Tenía pantalones cortos y me encantaba jugar a las canicas. La bolsa de bolas de cristal, era mi preciado tesoro.
Entre mis compañeros de canicas y de peonzas, estaban Ovidio y Gonzalo. El padre de Ovidio, no levantaba más allá de 1,55 m, pero paseaba orgulloso con su mujer que le sacaba la cabeza.
Yo aún no andaba a mozas, pero tenía la suficiente picardía, para imaginar la situación que me callo.
Pasados los años, Gonzalo, marchó a Francia, donde se hizo director de cine. La sorpresa de los vecinos, fue verle con una guiri de al menos 1,90 m, que llevaba a mi amigo con el brazo sobre sus hombros y un bebé en el otro, dominando el dúo desde las alturas.
Años más tarde, yo también marché a Francia para hacer estudios de postgrado. Iba por todos los puertos de pesca del país, visitando fábricas de pescado, piscifactorias y todo tipo de actividades del sector.
En mi visita a Marsella, embarqué en una lancha de vigilancia costera, que controlaba, entre otras cosas, la pesca ilegal.
El mar estaba agitado y las náuseas se adueñaron de mi. Al gran malestar, se añadió la vergüenza de presenciar la detención de un pesquero español, por faenar ilegalmente, en aguas jurisdiccionales francesas.
Ya en tierra, me dirigí a un comedor universitario, pues en ellos podía comer barato y contactar con estudiantes de muchos países.
Coincidí en una de las mesas, con Helga, una alemana de Hannover, ciudad que conocía, pues había visitado su famosa Escuela de Veterinaria. Era una gran mujer, en el sentido literal de la palabra, pues medía casi dos metros.
Dimos cuenta de una sabrosa sopa de pescado típica de la zona y luego, paseamos por el puerto de Marsella.
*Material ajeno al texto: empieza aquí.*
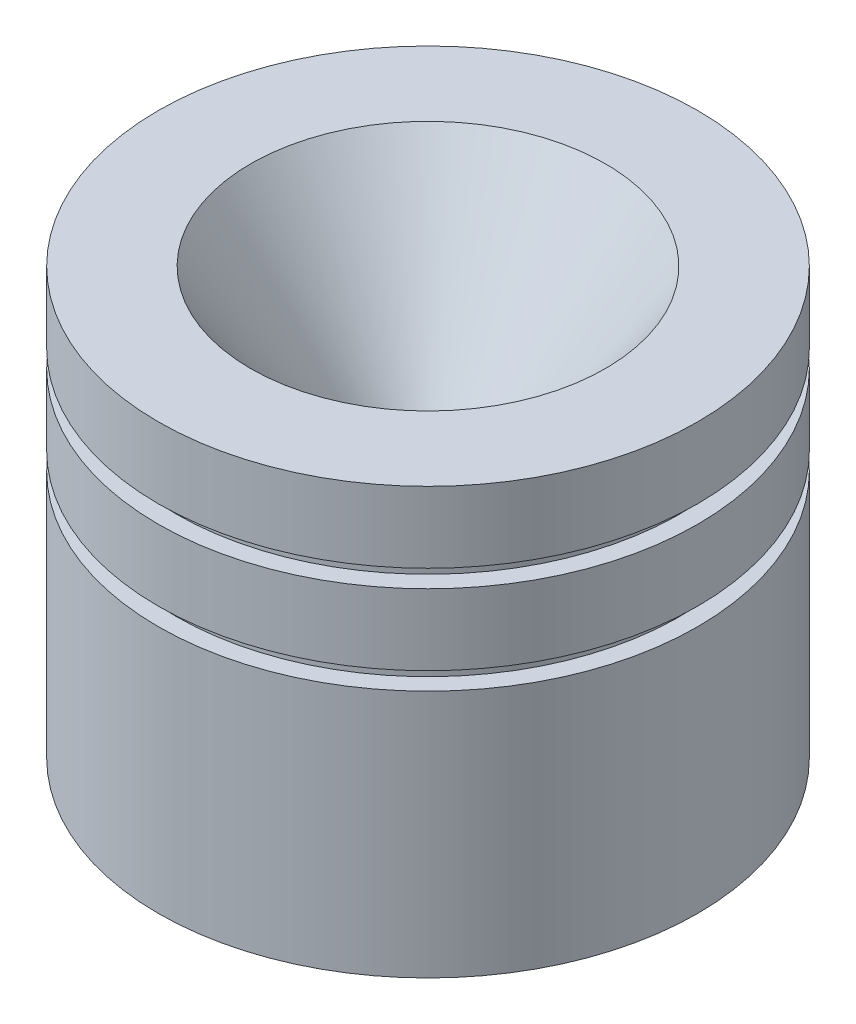
ISO-10303-21;
HEADER;
FILE_DESCRIPTION(('STEP AP214'),'2;1');
FILE_NAME('part.step','',(''),(''),'','','');
FILE_SCHEMA(('AUTOMOTIVE_DESIGN { 1 0 10303 214 1 1 1 1 }'));
ENDSEC;
DATA;
#1=APPLICATION_CONTEXT('core data for automotive mechanical design processes');
#2=APPLICATION_PROTOCOL_DEFINITION('international standard','automotive_design',2000,#1);
#3=PRODUCT_CONTEXT('',#1,'mechanical');
#4=PRODUCT('Part','Part','',(#3));
#5=PRODUCT_RELATED_PRODUCT_CATEGORY('part','',(#4));
#6=PRODUCT_DEFINITION_FORMATION('','',#4);
#7=PRODUCT_DEFINITION_CONTEXT('part definition',#1,'design');
#8=PRODUCT_DEFINITION('design','',#6,#7);
#9=PRODUCT_DEFINITION_SHAPE('','',#8);
#10=(LENGTH_UNIT() NAMED_UNIT(*) SI_UNIT(.MILLI.,.METRE.));
#11=(NAMED_UNIT(*) PLANE_ANGLE_UNIT() SI_UNIT($,.RADIAN.));
#12=(NAMED_UNIT(*) SI_UNIT($,.STERADIAN.) SOLID_ANGLE_UNIT());
#13=UNCERTAINTY_MEASURE_WITH_UNIT(LENGTH_MEASURE(1.E-05),#10,'distance_accuracy_value','');
#14=(GEOMETRIC_REPRESENTATION_CONTEXT(3) GLOBAL_UNCERTAINTY_ASSIGNED_CONTEXT((#13)) GLOBAL_UNIT_ASSIGNED_CONTEXT((#10,
#11,#12)) REPRESENTATION_CONTEXT('',''));
#15=CARTESIAN_POINT('',(0.,0.,0.));
#16=DIRECTION('',(0.,0.,1.));
#17=DIRECTION('',(1.,0.,0.));
#18=AXIS2_PLACEMENT_3D('',#15,#16,#17);
#19=CARTESIAN_POINT('',(0.,0.,0.));
#20=DIRECTION('',(0.,-1.,0.));
#21=DIRECTION('',(0.,0.,-1.));
#22=AXIS2_PLACEMENT_3D('',#19,#20,#21);
#23=CYLINDRICAL_SURFACE('',#22,48.26);
#24=CARTESIAN_POINT('',(0.,76.2,0.));
#25=DIRECTION('',(0.,-1.,0.));
#26=DIRECTION('',(0.,0.,-1.));
#27=AXIS2_PLACEMENT_3D('',#24,#25,#26);
#28=CIRCLE('',#27,48.26);
#29=CARTESIAN_POINT('',(0.,76.2,-48.26));
#30=VERTEX_POINT('',#29);
#31=EDGE_CURVE('E75',#30,#30,#28,.T.);
#32=ORIENTED_EDGE('',*,*,#31,.T.);
#33=EDGE_LOOP('',(#32));
#34=FACE_BOUND('',#33,.T.);
#35=CARTESIAN_POINT('',(0.,63.5,0.));
#36=DIRECTION('',(0.,-1.,0.));
#37=DIRECTION('',(0.,0.,-1.));
#38=AXIS2_PLACEMENT_3D('',#35,#36,#37);
#39=CIRCLE('',#38,48.26);
#40=CARTESIAN_POINT('',(0.,63.5,-48.26));
#41=VERTEX_POINT('',#40);
#42=EDGE_CURVE('E61',#41,#41,#39,.F.);
#43=ORIENTED_EDGE('',*,*,#42,.T.);
#44=EDGE_LOOP('',(#43));
#45=FACE_BOUND('',#44,.T.);
#46=ADVANCED_FACE('F38',(#34,#45),#23,.T.);
#47=CARTESIAN_POINT('',(0.,0.,0.));
#48=DIRECTION('',(0.,-1.,0.));
#49=DIRECTION('',(0.,0.,-1.));
#50=AXIS2_PLACEMENT_3D('',#47,#48,#49);
#51=CIRCLE('',#50,48.26);
#52=CARTESIAN_POINT('',(0.,0.,-48.26));
#53=VERTEX_POINT('',#52);
#54=EDGE_CURVE('E51',#53,#53,#51,.T.);
#55=ORIENTED_EDGE('',*,*,#54,.F.);
#56=EDGE_LOOP('',(#55));
#57=FACE_BOUND('',#56,.T.);
#58=CARTESIAN_POINT('',(0.,44.45,0.));
#59=DIRECTION('',(0.,1.,0.));
#60=DIRECTION('',(0.,0.,1.));
#61=AXIS2_PLACEMENT_3D('',#58,#59,#60);
#62=CIRCLE('',#61,48.26);
#63=CARTESIAN_POINT('',(0.,44.45,48.26));
#64=VERTEX_POINT('',#63);
#65=EDGE_CURVE('E58',#64,#64,#62,.F.);
#66=ORIENTED_EDGE('',*,*,#65,.T.);
#67=EDGE_LOOP('',(#66));
#68=FACE_BOUND('',#67,.T.);
#69=ADVANCED_FACE('F88',(#57,#68),#23,.T.);
#70=CARTESIAN_POINT('',(46.99,0.,0.));
#71=DIRECTION('',(0.,-1.,0.));
#72=DIRECTION('',(0.,0.,-1.));
#73=AXIS2_PLACEMENT_3D('',#70,#71,#72);
#74=PLANE('',#73);
#75=ORIENTED_EDGE('',*,*,#54,.T.);
#76=EDGE_LOOP('',(#75));
#77=FACE_BOUND('',#76,.T.);
#78=CARTESIAN_POINT('',(0.,0.,0.));
#79=DIRECTION('',(0.,-1.,0.));
#80=DIRECTION('',(0.,0.,-1.));
#81=AXIS2_PLACEMENT_3D('',#78,#79,#80);
#82=CIRCLE('',#81,46.99);
#83=CARTESIAN_POINT('',(0.,0.,-46.99));
#84=VERTEX_POINT('',#83);
#85=EDGE_CURVE('E66',#84,#84,#82,.T.);
#86=ORIENTED_EDGE('',*,*,#85,.F.);
#87=EDGE_LOOP('',(#86));
#88=FACE_BOUND('',#87,.T.);
#89=ADVANCED_FACE('F85',(#77,#88),#74,.T.);
#90=CARTESIAN_POINT('',(48.26,76.2,0.));
#91=DIRECTION('',(0.,1.,0.));
#92=DIRECTION('',(0.,0.,1.));
#93=AXIS2_PLACEMENT_3D('',#90,#91,#92);
#94=PLANE('',#93);
#95=CARTESIAN_POINT('',(0.,76.2,0.));
#96=DIRECTION('',(0.,-1.,0.));
#97=DIRECTION('',(0.,0.,-1.));
#98=AXIS2_PLACEMENT_3D('',#95,#96,#97);
#99=CIRCLE('',#98,31.75);
#100=CARTESIAN_POINT('',(0.,76.2,31.75));
#101=VERTEX_POINT('',#100);
#102=EDGE_CURVE('E70',#101,#101,#99,.T.);
#103=ORIENTED_EDGE('',*,*,#102,.T.);
#104=EDGE_LOOP('',(#103));
#105=FACE_BOUND('',#104,.T.);
#106=ORIENTED_EDGE('',*,*,#31,.F.);
#107=EDGE_LOOP('',(#106));
#108=FACE_BOUND('',#107,.T.);
#109=ADVANCED_FACE('F214',(#105,#108),#94,.T.);
#110=CARTESIAN_POINT('',(0.,76.2,0.));
#111=DIRECTION('',(0.,1.,0.));
#112=DIRECTION('',(0.,0.,1.));
#113=AXIS2_PLACEMENT_3D('',#110,#111,#112);
#114=CONICAL_SURFACE('',#113,31.75,0.620249485982827);
#115=CARTESIAN_POINT('',(0.,42.3909125921057,0.));
#116=DIRECTION('',(0.,-1.,0.));
#117=DIRECTION('',(0.,0.,-1.));
#118=AXIS2_PLACEMENT_3D('',#115,#116,#117);
#119=CIRCLE('',#118,7.60065185150379);
#120=CARTESIAN_POINT('',(0.,42.3909125921057,7.60065185150379));
#121=VERTEX_POINT('',#120);
#122=EDGE_CURVE('E46',#121,#121,#119,.T.);
#123=CARTESIAN_POINT('',(0.,42.3909125921057,7.60065185150379));
#124=CARTESIAN_POINT('',(0.,42.7430905859379,7.85220756138396));
#125=CARTESIAN_POINT('',(0.,43.0952685797702,8.10376327126413));
#126=CARTESIAN_POINT('',(0.,43.7996245674346,8.60687469102447));
#127=CARTESIAN_POINT('',(0.,44.1518025612669,8.85843040090463));
#128=CARTESIAN_POINT('',(0.,44.8561585489313,9.36154182066497));
#129=CARTESIAN_POINT('',(0.,45.2083365427636,9.61309753054514));
#130=CARTESIAN_POINT('',(0.,45.912692530428,10.1162089503055));
#131=CARTESIAN_POINT('',(0.,46.2648705242603,10.3677646601856));
#132=CARTESIAN_POINT('',(0.,46.9692265119247,10.870876079946));
#133=CARTESIAN_POINT('',(0.,47.3214045057569,11.1224317898262));
#134=CARTESIAN_POINT('',(0.,48.0257604934214,11.6255432095865));
#135=CARTESIAN_POINT('',(0.,48.3779384872537,11.8770989194667));
#136=CARTESIAN_POINT('',(0.,49.0822944749181,12.380210339227));
#137=CARTESIAN_POINT('',(0.,49.4344724687503,12.6317660491072));
#138=CARTESIAN_POINT('',(0.,50.1388284564148,13.1348774688675));
#139=CARTESIAN_POINT('',(0.,50.491006450247,13.3864331787477));
#140=CARTESIAN_POINT('',(0.,51.1953624379115,13.889544598508));
#141=CARTESIAN_POINT('',(0.,51.5475404317437,14.1411003083882));
#142=CARTESIAN_POINT('',(0.,52.2518964194082,14.6442117281485));
#143=CARTESIAN_POINT('',(0.,52.6040744132404,14.8957674380287));
#144=CARTESIAN_POINT('',(0.,53.3084304009049,15.398878857789));
#145=CARTESIAN_POINT('',(0.,53.6606083947371,15.6504345676692));
#146=CARTESIAN_POINT('',(0.,54.3649643824016,16.1535459874295));
#147=CARTESIAN_POINT('',(0.,54.7171423762338,16.4051016973097));
#148=CARTESIAN_POINT('',(0.,55.4214983638983,16.90821311707));
#149=CARTESIAN_POINT('',(0.,55.7736763577305,17.1597688269502));
#150=CARTESIAN_POINT('',(0.,56.478032345395,17.6628802467105));
#151=CARTESIAN_POINT('',(0.,56.8302103392272,17.9144359565907));
#152=CARTESIAN_POINT('',(0.,57.5345663268917,18.4175473763511));
#153=CARTESIAN_POINT('',(0.,57.8867443207239,18.6691030862312));
#154=CARTESIAN_POINT('',(0.,58.5911003083884,19.1722145059916));
#155=CARTESIAN_POINT('',(0.,58.9432783022206,19.4237702158717));
#156=CARTESIAN_POINT('',(0.,59.6476342898851,19.9268816356321));
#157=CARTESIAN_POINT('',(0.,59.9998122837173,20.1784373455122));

Estaba tan encantado como impresionado, ante semejante mujer. Éramos una pareja muy dispareja, pues juntos, parecíamos el signo de admiración y yo era el punto. Era tan grande como dulce y hablaba un excelente francés, con un fuerte acento teutón.
Caída la tarde me acompañó a la estación de tren, pues debía viajar a París, para continuar mi formación.
Para despedirse, me rodeó el cuello con un brazo, alzándome casi de puntillas, al tiempo que se agachó para darme un beso. Sentí ternura y bochorno.
Mientras el tren cabalgaba hacia la Ciudad de la luz, recordé las escenas de mis amigos de infancia.
No supe si alegrarme por el fugaz beso o lamentar mi ridículo. Entonces. pensé en una vieja expresión popular:
"Demasiado arroz, para tan poco pollo".
Cerré los ojos, esbocé una pícara sonrisa y me entregué al sueño del camino.